Ask HN: If my startup fails, what are the impacts on my future career prospects? - uptownfunk
For the seasoned startup vets out there, I was wondering about how working for or starting a failed startup would impact career prospects down the line.<p>Thanks!
======
wtvanhest
I closed my startup 1 year ago.

Your career prospects are at least what they were before you started your
company, but you will have to answer much different questions than most
people.

1\. People will be concerned that you don't want to work for anyone else. It
is important to remind the people that you meet with that you were willing to
take on many, many more bosses than a typical employee. Customers, investors,
future employees etc. You can talk about how you helped them etc.

2\. If you are a developer, there a lots of options. Business is harder, but
there will be life after your startup. (I can code a tiny amount but I am not
a real developer. I am really knowledgeable about finance and financial
modeling. It took me about 30 days to find something in finance... more on
this below)

3\. When I decided to shutdown my company, I emailed basically everyone I had
talked to about the company and told them first that I decided to shut it down
and thanked them for their previous help. I did it because it was the right
thing to do, but it actually helped a lot in my search because people all
offered intros when I asked later on.

4\. Asking for intros is the way to go.
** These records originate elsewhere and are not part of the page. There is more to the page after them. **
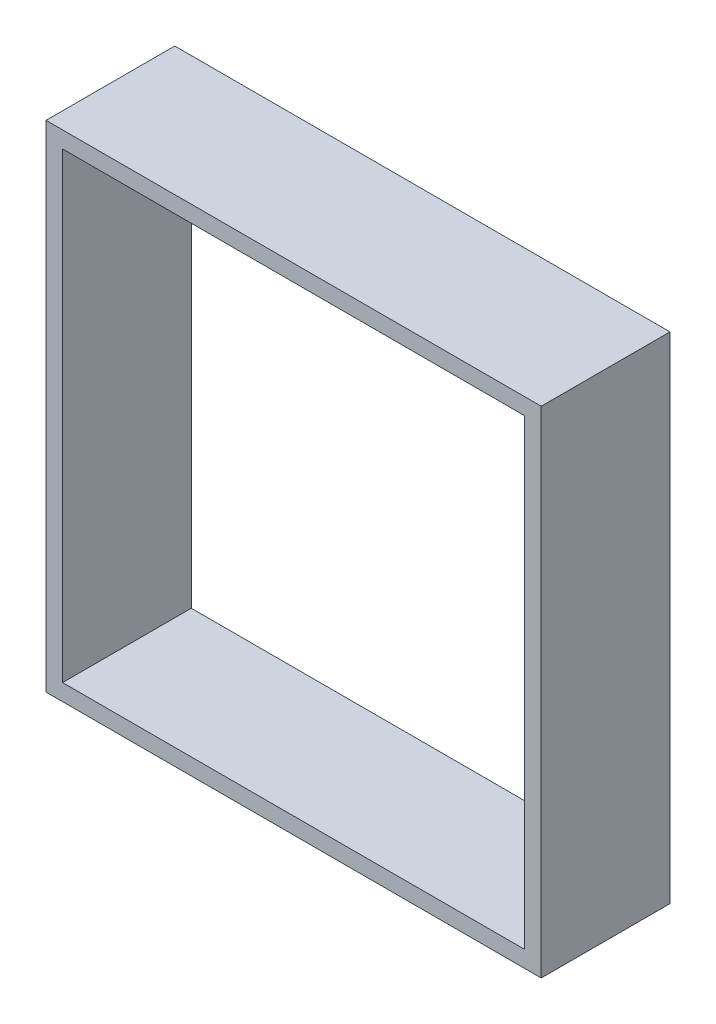
ISO-10303-21;
HEADER;
FILE_DESCRIPTION(('STEP AP214'),'2;1');
FILE_NAME('part.step','',(''),(''),'','','');
FILE_SCHEMA(('AUTOMOTIVE_DESIGN { 1 0 10303 214 1 1 1 1 }'));
ENDSEC;
DATA;
#1=APPLICATION_CONTEXT('core data for automotive mechanical design processes');
#2=APPLICATION_PROTOCOL_DEFINITION('international standard','automotive_design',2000,#1);
#3=PRODUCT_CONTEXT('',#1,'mechanical');
#4=PRODUCT('Part','Part','',(#3));
#5=PRODUCT_RELATED_PRODUCT_CATEGORY('part','',(#4));
#6=PRODUCT_DEFINITION_FORMATION('','',#4);
#7=PRODUCT_DEFINITION_CONTEXT('part definition',#1,'design');
#8=PRODUCT_DEFINITION('design','',#6,#7);
#9=PRODUCT_DEFINITION_SHAPE('','',#8);
#10=(LENGTH_UNIT() NAMED_UNIT(*) SI_UNIT(.MILLI.,.METRE.));
#11=(NAMED_UNIT(*) PLANE_ANGLE_UNIT() SI_UNIT($,.RADIAN.));
#12=(NAMED_UNIT(*) SI_UNIT($,.STERADIAN.) SOLID_ANGLE_UNIT());
#13=UNCERTAINTY_MEASURE_WITH_UNIT(LENGTH_MEASURE(1.E-05),#10,'distance_accuracy_value','');
#14=(GEOMETRIC_REPRESENTATION_CONTEXT(3) GLOBAL_UNCERTAINTY_ASSIGNED_CONTEXT((#13)) GLOBAL_UNIT_ASSIGNED_CONTEXT((#10,
#11,#12)) REPRESENTATION_CONTEXT('',''));
#15=CARTESIAN_POINT('',(0.,0.,0.));
#16=DIRECTION('',(0.,0.,1.));
#17=DIRECTION('',(1.,0.,0.));
#18=AXIS2_PLACEMENT_3D('',#15,#16,#17);
#19=CARTESIAN_POINT('',(0.,0.,7.8));
#20=DIRECTION('',(0.,0.,-1.));
#21=DIRECTION('',(-1.,0.,0.));
#22=AXIS2_PLACEMENT_3D('',#19,#20,#21);
#23=PLANE('',#22);
#24=DIRECTION('',(0.,1.,0.));
#25=VECTOR('',#24,1.);
#26=CARTESIAN_POINT('',(15.,-15.,7.8));
#27=LINE('',#26,#25);
#28=CARTESIAN_POINT('',(15.,-15.,7.8));
#29=VERTEX_POINT('',#28);
#30=CARTESIAN_POINT('',(15.,15.,7.8));
#31=VERTEX_POINT('',#30);
#32=EDGE_CURVE('E138',#29,#31,#27,.T.);
#33=ORIENTED_EDGE('',*,*,#32,.T.);
#34=DIRECTION('',(-1.,0.,0.));
#35=VECTOR('',#34,1.);
#36=CARTESIAN_POINT('',(-15.,15.,7.8));
#37=LINE('',#36,#35);
#38=CARTESIAN_POINT('',(-15.,15.,7.8));
#39=VERTEX_POINT('',#38);
#40=EDGE_CURVE('E141',#31,#39,#37,.T.);
#41=ORIENTED_EDGE('',*,*,#40,.T.);
#42=DIRECTION('',(0.,-1.,0.));
#43=VECTOR('',#42,1.);
#44=CARTESIAN_POINT('',(-15.,-15.,7.8));
#45=LINE('',#44,#43);
#46=CARTESIAN_POINT('',(-15.,-15.,7.8));
#47=VERTEX_POINT('',#46);
#48=EDGE_CURVE('E144',#39,#47,#45,.T.);
#49=ORIENTED_EDGE('',*,*,#48,.T.);
#50=DIRECTION('',(1.,0.,0.));
#51=VECTOR('',#50,1.);
#52=CARTESIAN_POINT('',(-15.,-15.,7.8));
#53=LINE('',#52,#51);
#54=EDGE_CURVE('E146',#47,#29,#53,.T.);
#55=ORIENTED_EDGE('',*,*,#54,.T.);
#56=EDGE_LOOP('',(#33,#41,#49,#55));
#57=FACE_BOUND('',#56,.T.);
#58=DIRECTION('',(0.,1.,0.));
#59=VECTOR('',#58,1.);
#60=CARTESIAN_POINT('',(14.,-14.,7.8));
#61=LINE('',#60,#59);
#62=CARTESIAN_POINT('',(14.,-14.,7.8));
#63=VERTEX_POINT('',#62);
#64=CARTESIAN_POINT('',(14.,14.,7.8));
#65=VERTEX_POINT('',#64);
#66=EDGE_CURVE('E102',#63,#65,#61,.T.);
#67=ORIENTED_EDGE('',*,*,#66,.F.);
#68=DIRECTION('',(1.,0.,0.));
#69=VECTOR('',#68,1.);
#70=CARTESIAN_POINT('',(-14.,-14.,7.8));
#71=LINE('',#70,#69);
#72=CARTESIAN_POINT('',(-14.,-14.,7.8));
#73=VERTEX_POINT('',#72);
#74=EDGE_CURVE('E124',#73,#63,#71,.T.);
#75=ORIENTED_EDGE('',*,*,#74,.F.);
#76=DIRECTION('',(0.,-1.,0.));
#77=VECTOR('',#76,1.);
#78=CARTESIAN_POINT('',(-14.,-14.,7.8));
#79=LINE('',#78,#77);
#80=CARTESIAN_POINT('',(-14.,14.,7.8));
#81=VERTEX_POINT('',#80);
#82=EDGE_CURVE('E122',#81,#73,#79,.T.);
#83=ORIENTED_EDGE('',*,*,#82,.F.);
#84=DIRECTION('',(-1.,0.,0.));
#85=VECTOR('',#84,1.);
#86=CARTESIAN_POINT('',(-14.,14.,7.8));
#87=LINE('',#86,#85);
#88=EDGE_CURVE('E110',#65,#81,#87,.T.);
#89=ORIENTED_EDGE('',*,*,#88,.F.);
#90=EDGE_LOOP('',(#67,#75,#83,#89));
#91=FACE_BOUND('',#90,.T.);
#92=ADVANCED_FACE('F37',(#57,#91),#23,.F.);
#93=CARTESIAN_POINT('',(0.,0.,0.));
#94=DIRECTION('',(0.,0.,-1.));
#95=DIRECTION('',(-1.,0.,0.));
#96=AXIS2_PLACEMENT_3D('',#93,#94,#95);
#97=PLANE('',#96);
#98=DIRECTION('',(0.,1.,0.));
#99=VECTOR('',#98,1.);
#100=CARTESIAN_POINT('',(15.,-15.,0.));
#101=LINE('',#100,#99);
#102=CARTESIAN_POINT('',(15.,-15.,0.));
#103=VERTEX_POINT('',#102);
#104=CARTESIAN_POINT('',(15.,15.,0.));
#105=VERTEX_POINT('',#104);
#106=EDGE_CURVE('E118',#103,#105,#101,.T.);
#107=ORIENTED_EDGE('',*,*,#106,.F.);
#108=DIRECTION('',(1.,0.,0.));
#109=VECTOR('',#108,1.);
#110=CARTESIAN_POINT('',(-15.,-15.,0.));
#111=LINE('',#110,#109);
#112=CARTESIAN_POINT('',(-15.,-15.,0.));
#113=VERTEX_POINT('',#112);
#114=EDGE_CURVE('E142',#113,#103,#111,.T.);
#115=ORIENTED_EDGE('',*,*,#114,.F.);
#116=DIRECTION('',(0.,-1.,0.));
#117=VECTOR('',#116,1.);
#118=CARTESIAN_POINT('',(-15.,-15.,0.));
#119=LINE('',#118,#117);
#120=CARTESIAN_POINT('',(-15.,15.,0.));
#121=VERTEX_POINT('',#120);
#122=EDGE_CURVE('E153',#121,#113,#119,.T.);
#123=ORIENTED_EDGE('',*,*,#122,.F.);
#124=DIRECTION('',(-1.,0.,0.));
#125=VECTOR('',#124,1.);
#126=CARTESIAN_POINT('',(-15.,15.,0.));
#127=LINE('',#126,#125);
#128=EDGE_CURVE('E151',#105,#121,#127,.T.);
#129=ORIENTED_EDGE('',*,*,#128,.F.);
#130=EDGE_LOOP('',(#107,#115,#123,#129));
#131=FACE_BOUND('',#130,.T.);
#132=DIRECTION('',(1.,0.,0.));
#133=VECTOR('',#132,1.);
#134=CARTESIAN_POINT('',(-14.,-14.,0.));
#135=LINE('',#134,#133);
#136=CARTESIAN_POINT('',(-14.,-14.,0.));
#137=VERTEX_POINT('',#136);
#138=CARTESIAN_POINT('',(14.,-14.,0.));
#139=VERTEX_POINT('',#138);
#140=EDGE_CURVE('E111',#137,#139,#135,.T.);
#141=ORIENTED_EDGE('',*,*,#140,.T.);
#142=DIRECTION('',(0.,1.,0.));
#143=VECTOR('',#142,1.);
#144=CARTESIAN_POINT('',(14.,-14.,0.));
#145=LINE('',#144,#143);
#146=CARTESIAN_POINT('',(14.,14.,0.));
#147=VERTEX_POINT('',#146);
#148=EDGE_CURVE('E60',#139,#147,#145,.T.);
#149=ORIENTED_EDGE('',*,*,#148,.T.);
#150=DIRECTION('',(-1.,0.,0.));
#151=VECTOR('',#150,1.);
#152=CARTESIAN_POINT('',(-14.,14.,0.));
#153=LINE('',#152,#151);
#154=CARTESIAN_POINT('',(-14.,14.,0.));
#155=VERTEX_POINT('',#154);
#156=EDGE_CURVE('E117',#147,#155,#153,.T.);
#157=ORIENTED_EDGE('',*,*,#156,.T.);
#158=DIRECTION('',(0.,-1.,0.));
#159=VECTOR('',#158,1.);
#160=CARTESIAN_POINT('',(-14.,-14.,0.));
#161=LINE('',#160,#159);
#162=EDGE_CURVE('E130',#155,#137,#161,.T.);
#163=ORIENTED_EDGE('',*,*,#162,.T.);
#164=EDGE_LOOP('',(#141,#149,#157,#163));
#165=FACE_BOUND('',#164,.T.);
#166=ADVANCED_FACE('F171',(#131,#165),#97,.T.);
#167=CARTESIAN_POINT('',(15.,-15.,7.8));
#168=DIRECTION('',(-1.,0.,0.));
#169=DIRECTION('',(0.,0.,1.));
#170=AXIS2_PLACEMENT_3D('',#167,#168,#169);
#171=PLANE('',#170);
#172=ORIENTED_EDGE('',*,*,#106,.T.);
#173=DIRECTION('',(0.,0.,-1.));
#174=VECTOR('',#173,1.);
#175=CARTESIAN_POINT('',(15.,15.,7.8));
#176=LINE('',#175,#174);
#177=EDGE_CURVE('E11',#31,#105,#176,.T.);
#178=ORIENTED_EDGE('',*,*,#177,.F.);
#179=ORIENTED_EDGE('',*,*,#32,.F.);
#180=DIRECTION('',(0.,0.,-1.));
#181=VECTOR('',#180,1.);
#182=CARTESIAN_POINT('',(15.,-15.,7.8));
#183=LINE('',#182,#181);
#184=EDGE_CURVE('E148',#29,#103,#183,.T.);
#185=ORIENTED_EDGE('',*,*,#184,.T.);
#186=EDGE_LOOP('',(#172,#178,#179,#185));
#187=FACE_BOUND('',#186,.T.);
#188=ADVANCED_FACE('F39',(#187),#171,.F.);
#189=CARTESIAN_POINT('',(-15.,15.,7.8));
#190=DIRECTION('',(0.,-1.,0.));
#191=DIRECTION('',(0.,0.,-1.));
#192=AXIS2_PLACEMENT_3D('',#189,#190,#191);
#193=PLANE('',#192);
#194=ORIENTED_EDGE('',*,*,#128,.T.);
#195=DIRECTION('',(0.,0.,-1.));
#196=VECTOR('',#195,1.);
#197=CARTESIAN_POINT('',(-15.,15.,7.8));
#198=LINE('',#197,#196);
#199=EDGE_CURVE('E45',#39,#121,#198,.T.);
#200=ORIENTED_EDGE('',*,*,#199,.F.);
#201=ORIENTED_EDGE('',*,*,#40,.F.);
#202=ORIENTED_EDGE('',*,*,#177,.T.);
#203=EDGE_LOOP('',(#194,#200,#201,#202));
#204=FACE_BOUND('',#203,.T.);
#205=ADVANCED_FACE('F181',(#204),#193,.F.);
#206=CARTESIAN_POINT('',(-15.,-15.,7.8));
#207=DIRECTION('',(1.,0.,0.));
#208=DIRECTION('',(0.,0.,-1.));
#209=AXIS2_PLACEMENT_3D('',#206,#207,#208);
#210=PLANE('',#209);
#211=ORIENTED_EDGE('',*,*,#122,.T.);
#212=DIRECTION('',(0.,0.,-1.));
#213=VECTOR('',#212,1.);
#214=CARTESIAN_POINT('',(-15.,-15.,7.8));
#215=LINE('',#214,#213);
#216=EDGE_CURVE('E158',#47,#113,#215,.T.);
#217=ORIENTED_EDGE('',*,*,#216,.F.);
#218=ORIENTED_EDGE('',*,*,#48,.F.);
#219=ORIENTED_EDGE('',*,*,#199,.T.);
#220=EDGE_LOOP('',(#211,#217,#218,#219));
#221=FACE_BOUND('',#220,.T.);
#222=ADVANCED_FACE('F165',(#221),#210,.F.);
#223=CARTESIAN_POINT('',(-15.,-15.,7.8));
#224=DIRECTION('',(0.,1.,0.));
#225=DIRECTION('',(0.,0.,1.));
#226=AXIS2_PLACEMENT_3D('',#223,#224,#225);
#227=PLANE('',#226);
#228=ORIENTED_EDGE('',*,*,#114,.T.);
#229=ORIENTED_EDGE('',*,*,#184,.F.);
#230=ORIENTED_EDGE('',*,*,#54,.F.);
#231=ORIENTED_EDGE('',*,*,#216,.T.);
#232=EDGE_LOOP('',(#228,#229,#230,#231));
#233=FACE_BOUND('',#232,.T.);
#234=ADVANCED_FACE('F175',(#233),#227,.F.);
#235=CARTESIAN_POINT('',(14.,-14.,7.8));
#236=DIRECTION('',(-1.,0.,0.));
#237=DIRECTION('',(0.,0.,1.));
#238=AXIS2_PLACEMENT_3D('',#235,#236,#237);
#239=PLANE('',#238);
#240=ORIENTED_EDGE('',*,*,#148,.F.);
#241=DIRECTION('',(0.,0.,-1.));
#242=VECTOR('',#241,1.);
#243=CARTESIAN_POINT('',(14.,-14.,7.8));
#244=LINE('',#243,#242);
#245=EDGE_CURVE('E106',#63,#139,#244,.T.);
#246=ORIENTED_EDGE('',*,*,#245,.F.);
#247=ORIENTED_EDGE('',*,*,#66,.T.);
#248=DIRECTION('',(0.,0.,-1.));
#249=VECTOR('',#248,1.);
#250=CARTESIAN_POINT('',(14.,14.,7.8));
#251=LINE('',#250,#249);
#252=EDGE_CURVE('E105',#65,#147,#251,.T.);
#253=ORIENTED_EDGE('',*,*,#252,.T.);
#254=EDGE_LOOP('',(#240,#246,#247,#253));
#255=FACE_BOUND('',#254,.T.);
#256=ADVANCED_FACE('F104',(#255),#239,.T.);
#257=CARTESIAN_POINT('',(-14.,14.,7.8));
#258=DIRECTION('',(0.,-1.,0.));
#259=DIRECTION('',(0.,0.,-1.));
#260=AXIS2_PLACEMENT_3D('',#257,#258,#259);
#261=PLANE('',#260);
#262=ORIENTED_EDGE('',*,*,#156,.F.);
#263=ORIENTED_EDGE('',*,*,#252,.F.);
#264=ORIENTED_EDGE('',*,*,#88,.T.);
#265=DIRECTION('',(0.,0.,-1.));
#266=VECTOR('',#265,1.);
#267=CARTESIAN_POINT('',(-14.,14.,7.8));
#268=LINE('',#267,#266);
#269=EDGE_CURVE('E119',#81,#155,#268,.T.);
#270=ORIENTED_EDGE('',*,*,#269,.T.);
#271=EDGE_LOOP('',(#262,#263,#264,#270));
#272=FACE_BOUND('',#271,.T.);
#273=ADVANCED_FACE('F114',(#272),#261,.T.);
#274=CARTESIAN_POINT('',(-14.,-14.,7.8));
#275=DIRECTION('',(1.,0.,0.));
#276=DIRECTION('',(0.,0.,-1.));
#277=AXIS2_PLACEMENT_3D('',#274,#275,#276);
#278=PLANE('',#277);
#279=ORIENTED_EDGE('',*,*,#162,.F.);
#280=ORIENTED_EDGE('',*,*,#269,.F.);
#281=ORIENTED_EDGE('',*,*,#82,.T.);
#282=DIRECTION('',(0.,0.,-1.));
#283=VECTOR('',#282,1.);
#284=CARTESIAN_POINT('',(-14.,-14.,7.8));
#285=LINE('',#284,#283);
#286=EDGE_CURVE('E52',#73,#137,#285,.T.);
#287=ORIENTED_EDGE('',*,*,#286,.T.);
#288=EDGE_LOOP('',(#279,#280,#281,#287));
#289=FACE_BOUND('',#288,.T.);
#290=ADVANCED_FACE('F204',(#289),#278,.T.);
#291=CARTESIAN_POINT('',(-14.,-14.,7.8));
#292=DIRECTION('',(0.,1.,0.));
#293=DIRECTION('',(0.,0.,1.));
#294=AXIS2_PLACEMENT_3D('',#291,#292,#293);
#295=PLANE('',#294);
#296=ORIENTED_EDGE('',*,*,#140,.F.);
#297=ORIENTED_EDGE('',*,*,#286,.F.);
#298=ORIENTED_EDGE('',*,*,#74,.T.);
#299=ORIENTED_EDGE('',*,*,#245,.T.);
#300=EDGE_LOOP('',(#296,#297,#298,#299));
#301=FACE_BOUND('',#300,.T.);
#302=ADVANCED_FACE('F208',(#301),#295,.T.);
#303=CLOSED_SHELL('',(#92,#166,#188,#205,#222,#234,#256,#273,#290,#302));
#304=MANIFOLD_SOLID_BREP('B2',#303);
#305=ADVANCED_BREP_SHAPE_REPRESENTATION('',(#18,#304),#14);
#306=SHAPE_DEFINITION_REPRESENTATION(#9,#305);
ENDSEC;
END-ISO-10303-21;

Find companies that you like and find
a 2nd connection there or 1st connection there. If it is a 1st connection,
tell them you would like to grab a coffee with them to get information about
their experience at the company you are interested in. If you have someone who
is a 2nd connection at a company you are interested in, ask the intermediary
connection for an intro. Most people will happily help!

5\. When you shut down your company, you will probably want $$$ immediately.
Try to resist taking the first offer unless you are sure it is a good fit. I
made the mistake of taking an offer from a manager I wasn't sure about and it
turned in to a full disaster.

6\. Email me if you need help with your story or want to understand the
introduction process better. (email in profile).

Best of luck, you will either have success in your company or finding another
role. In 2 years, this period of extreme stress will be behind you so just
keep doing the right things.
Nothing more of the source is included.